In “The Devouring of the Heart-Tree”, our collective oppression by our own materialistic desires and increasingly selfish ways of thinking is made manifest through our own collective cannibalization of the heart. Taking inspiration primarily from the Nordic mythological-archetypal “world-tree” Yggdrasil and the legends surrounding it, the human heart is re-envisioned as a tree, whose aortic, arterial, and ventricular “roots” are being swallowed and devoured by demonic and evil entities from all sides, alluding to the image of the serpentine Nidhogg mentioned in the Norse Prose Edda. The motif of the archetypical sun cross symbol replaces the previous piece’s mandala, the former icon representing Earth in modern astronomy as well as the cycle of birth, life, and death. Each of the arms of the sun cross is obscured by both branching red spirits seeking entrance into the heart, and black serpentine creatures that fill the negative space with red eyes lunging out from the four diagonal corners of the piece. The destruction of the heart informs the destruction of the world around us.

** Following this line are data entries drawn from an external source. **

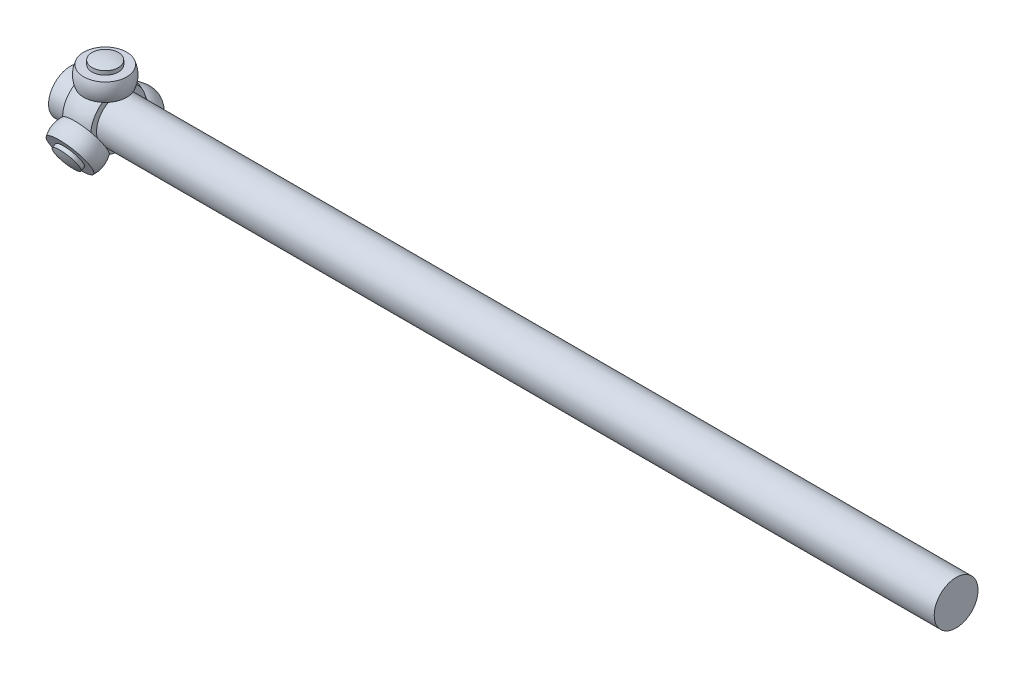
ISO-10303-21;
HEADER;
FILE_DESCRIPTION(('STEP AP214'),'2;1');
FILE_NAME('part.step','',(''),(''),'','','');
FILE_SCHEMA(('AUTOMOTIVE_DESIGN { 1 0 10303 214 1 1 1 1 }'));
ENDSEC;
DATA;
#1=APPLICATION_CONTEXT('core data for automotive mechanical design processes');
#2=APPLICATION_PROTOCOL_DEFINITION('international standard','automotive_design',2000,#1);
#3=PRODUCT_CONTEXT('',#1,'mechanical');
#4=PRODUCT('Part','Part','',(#3));
#5=PRODUCT_RELATED_PRODUCT_CATEGORY('part','',(#4));
#6=PRODUCT_DEFINITION_FORMATION('','',#4);
#7=PRODUCT_DEFINITION_CONTEXT('part definition',#1,'design');
#8=PRODUCT_DEFINITION('design','',#6,#7);
#9=PRODUCT_DEFINITION_SHAPE('','',#8);
#10=(LENGTH_UNIT() NAMED_UNIT(*) SI_UNIT(.MILLI.,.METRE.));
#11=(NAMED_UNIT(*) PLANE_ANGLE_UNIT() SI_UNIT($,.RADIAN.));
#12=(NAMED_UNIT(*) SI_UNIT($,.STERADIAN.) SOLID_ANGLE_UNIT());
#13=UNCERTAINTY_MEASURE_WITH_UNIT(LENGTH_MEASURE(1.E-05),#10,'distance_accuracy_value','');
#14=(GEOMETRIC_REPRESENTATION_CONTEXT(3) GLOBAL_UNCERTAINTY_ASSIGNED_CONTEXT((#13)) GLOBAL_UNIT_ASSIGNED_CONTEXT((#10,
#11,#12)) REPRESENTATION_CONTEXT('',''));
#15=CARTESIAN_POINT('',(0.,0.,0.));
#16=DIRECTION('',(0.,0.,1.));
#17=DIRECTION('',(1.,0.,0.));
#18=AXIS2_PLACEMENT_3D('',#15,#16,#17);
#19=CARTESIAN_POINT('',(0.,0.,0.));
#20=DIRECTION('',(-1.,0.,0.));
#21=DIRECTION('',(0.,1.,0.));
#22=AXIS2_PLACEMENT_3D('',#19,#20,#21);
#23=SPHERICAL_SURFACE('',#22,17.5);
#24=CARTESIAN_POINT('',(7.54091983227916,0.,0.));
#25=DIRECTION('',(-1.,0.,0.));
#26=DIRECTION('',(0.,0.,1.));
#27=AXIS2_PLACEMENT_3D('',#24,#25,#26);
#28=CIRCLE('',#27,15.7919133762549);
#29=CARTESIAN_POINT('',(7.54091983227916,13.11,-8.8041142702227));
#30=VERTEX_POINT('',#29);
#31=CARTESIAN_POINT('',(7.54091983227916,1.06958661583387,-15.7556501787254));
#32=VERTEX_POINT('',#31);
#33=EDGE_CURVE('E108',#30,#32,#28,.T.);
#34=ORIENTED_EDGE('',*,*,#33,.T.);
#35=CARTESIAN_POINT('',(0.,-6.55500000000005,-11.353593043614));
#36=DIRECTION('',(0.,0.500000000000004,0.866025403784436));
#37=DIRECTION('',(0.,-0.866025403784436,0.500000000000004));
#38=AXIS2_PLACEMENT_3D('',#35,#36,#37);
#39=CIRCLE('',#38,11.5921482047117);
#40=CARTESIAN_POINT('',(-9.72222222222222,-1.08762208217728,-14.5101851562304));
#41=VERTEX_POINT('',#40);
#42=EDGE_CURVE('E58',#32,#41,#39,.T.);
#43=ORIENTED_EDGE('',*,*,#42,.T.);
#44=CARTESIAN_POINT('',(-9.72222222222222,0.,0.));
#45=DIRECTION('',(-1.,0.,0.));
#46=DIRECTION('',(0.,0.,1.));
#47=AXIS2_PLACEMENT_3D('',#44,#45,#46);
#48=CIRCLE('',#47,14.5508898374542);
#49=CARTESIAN_POINT('',(-9.72222222222222,13.11,-6.31318422523282));
#50=VERTEX_POINT('',#49);
#51=EDGE_CURVE('E121',#50,#41,#48,.T.);
#52=ORIENTED_EDGE('',*,*,#51,.F.);
#53=CARTESIAN_POINT('',(0.,13.11,0.));
#54=DIRECTION('',(0.,-1.,0.));
#55=DIRECTION('',(0.,0.,-1.));
#56=AXIS2_PLACEMENT_3D('',#53,#54,#55);
#57=CIRCLE('',#56,11.5921482047117);
#58=EDGE_CURVE('E109',#50,#30,#57,.T.);
#59=ORIENTED_EDGE('',*,*,#58,.T.);
#60=EDGE_LOOP('',(#34,#43,#52,#59));
#61=FACE_BOUND('',#60,.T.);
#62=ADVANCED_FACE('F35',(#61),#23,.T.);
#63=CARTESIAN_POINT('',(-9.72222222222222,-12.0223779178228,-8.19700093099754));
#64=VERTEX_POINT('',#63);
#65=CARTESIAN_POINT('',(-9.72222222222222,-12.0223779178227,8.19700093099769));
#66=VERTEX_POINT('',#65);
#67=EDGE_CURVE('E119',#64,#66,#48,.T.);
#68=ORIENTED_EDGE('',*,*,#67,.F.);
#69=CARTESIAN_POINT('',(7.54091983227916,-14.179586615834,-6.95153590850256));
#70=VERTEX_POINT('',#69);
#71=EDGE_CURVE('E136',#64,#70,#39,.T.);
#72=ORIENTED_EDGE('',*,*,#71,.T.);
#73=CARTESIAN_POINT('',(7.54091983227916,-14.1795866158339,6.95153590850278));
#74=VERTEX_POINT('',#73);
#75=EDGE_CURVE('E105',#70,#74,#28,.T.);
#76=ORIENTED_EDGE('',*,*,#75,.T.);
#77=CARTESIAN_POINT('',(0.,-6.55499999999989,11.3535930436141));
#78=DIRECTION('',(0.,0.499999999999992,-0.866025403784443));
#79=DIRECTION('',(0.,0.866025403784443,0.499999999999992));
#80=AXIS2_PLACEMENT_3D('',#77,#78,#79);
#81=CIRCLE('',#80,11.5921482047117);
#82=EDGE_CURVE('E50',#74,#66,#81,.T.);
#83=ORIENTED_EDGE('',*,*,#82,.T.);
#84=EDGE_LOOP('',(#68,#72,#76,#83));
#85=FACE_BOUND('',#84,.T.);
#86=ADVANCED_FACE('F135',(#85),#23,.T.);
#87=CARTESIAN_POINT('',(-9.72222222222222,-1.08762208217707,14.5101851562304));
#88=VERTEX_POINT('',#87);
#89=CARTESIAN_POINT('',(-9.72222222222222,13.11,6.31318422523282));
#90=VERTEX_POINT('',#89);
#91=EDGE_CURVE('E98',#88,#90,#48,.T.);
#92=ORIENTED_EDGE('',*,*,#91,.F.);
#93=CARTESIAN_POINT('',(7.54091983227916,1.06958661583411,15.7556501787253));
#94=VERTEX_POINT('',#93);
#95=EDGE_CURVE('E86',#88,#94,#81,.T.);
#96=ORIENTED_EDGE('',*,*,#95,.T.);
#97=CARTESIAN_POINT('',(7.54091983227916,13.11,8.8041142702227));
#98=VERTEX_POINT('',#97);
#99=EDGE_CURVE('E96',#94,#98,#28,.T.);
#100=ORIENTED_EDGE('',*,*,#99,.T.);
#101=EDGE_CURVE('E106',#98,#90,#57,.T.);
#102=ORIENTED_EDGE('',*,*,#101,.T.);
#103=EDGE_LOOP('',(#92,#96,#100,#102));
#104=FACE_BOUND('',#103,.T.);
#105=ADVANCED_FACE('F37',(#104),#23,.T.);
#106=CARTESIAN_POINT('',(-9.72222222222222,14.5508898374542,0.));
#107=DIRECTION('',(1.,0.,0.));
#108=DIRECTION('',(0.,0.,-1.));
#109=AXIS2_PLACEMENT_3D('',#106,#107,#108);
#110=PLANE('',#109);
#111=CARTESIAN_POINT('',(-9.72222222222222,0.,0.));
#112=DIRECTION('',(-1.,0.,0.));
#113=DIRECTION('',(0.,0.,1.));
#114=AXIS2_PLACEMENT_3D('',#111,#112,#113);
#115=CIRCLE('',#114,12.5);
#116=CARTESIAN_POINT('',(-9.72222222222222,0.,12.5));
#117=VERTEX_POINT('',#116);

On each corner of the piece outside the sun cross, four blue benevolent spirits trying to flee from the scene of chaos are shackled and chained by malevolent red spirits attempting to annihilate the blue sun cross. Accompanying the armies of blue benevolent warriors are butterfly-like creatures that represent the human psyche or the soul. All of the blue entities are crying out of sadness. By contrast, the red malevolent warriors are accompanied by spiky draconian almost wyvern like creatures that serve as distortions and aberrant versions of their original blue counterparts. All the red entities are filled with anger and hatred. Under this context, “The Devouring of the Heart-Tree” depicts peoples’ gradual  collective self-destruction by their own hatred and anger at the world and at themselves. Beyond the Nordic symbolism and the sun cross motif, the meaning of the galactic spiral is extremely significant in regards to this piece. Scattered within the sun cross and around the tree-like red spirits are spiraling apple-like fruits hanging from their boughs, which represent the Biblical fruit of temptation that first brought humanity into a spiral of despair and disaster. The blue spiral in the lower half of the heart at the center of the cross is actually a spiral galaxy, representing the vast cosmic expanse present within the human heart, which is directly being threatened from the outside. The black spirals present on the foreheads and bodies of the red entities represent spirals of corruption and anger, while the clear transparent spirals present on the wings of the blue butterflies represent spirals of enlightenment and wisdom.

Both “Rebellion Against the Beast” and “The Devouring of the Heart-Tree” emphasize as a common motif the duality between freedom and oppressive constraint, order vs. chaos, and good vs. evil. Both art pieces also contain both Biblical allusions as well as Buddhist and Hindu elements, uniting the religious differences between the doctrines of the West and the East (yet another dual concept). With both pieces, I seek to express a personal, mystical, quasi-religious, artistic, and almost mythopoeic view of the human psyche and the human heart as opposed to one that is rigorously scientific according to the principles of Anti-Psychorationalism.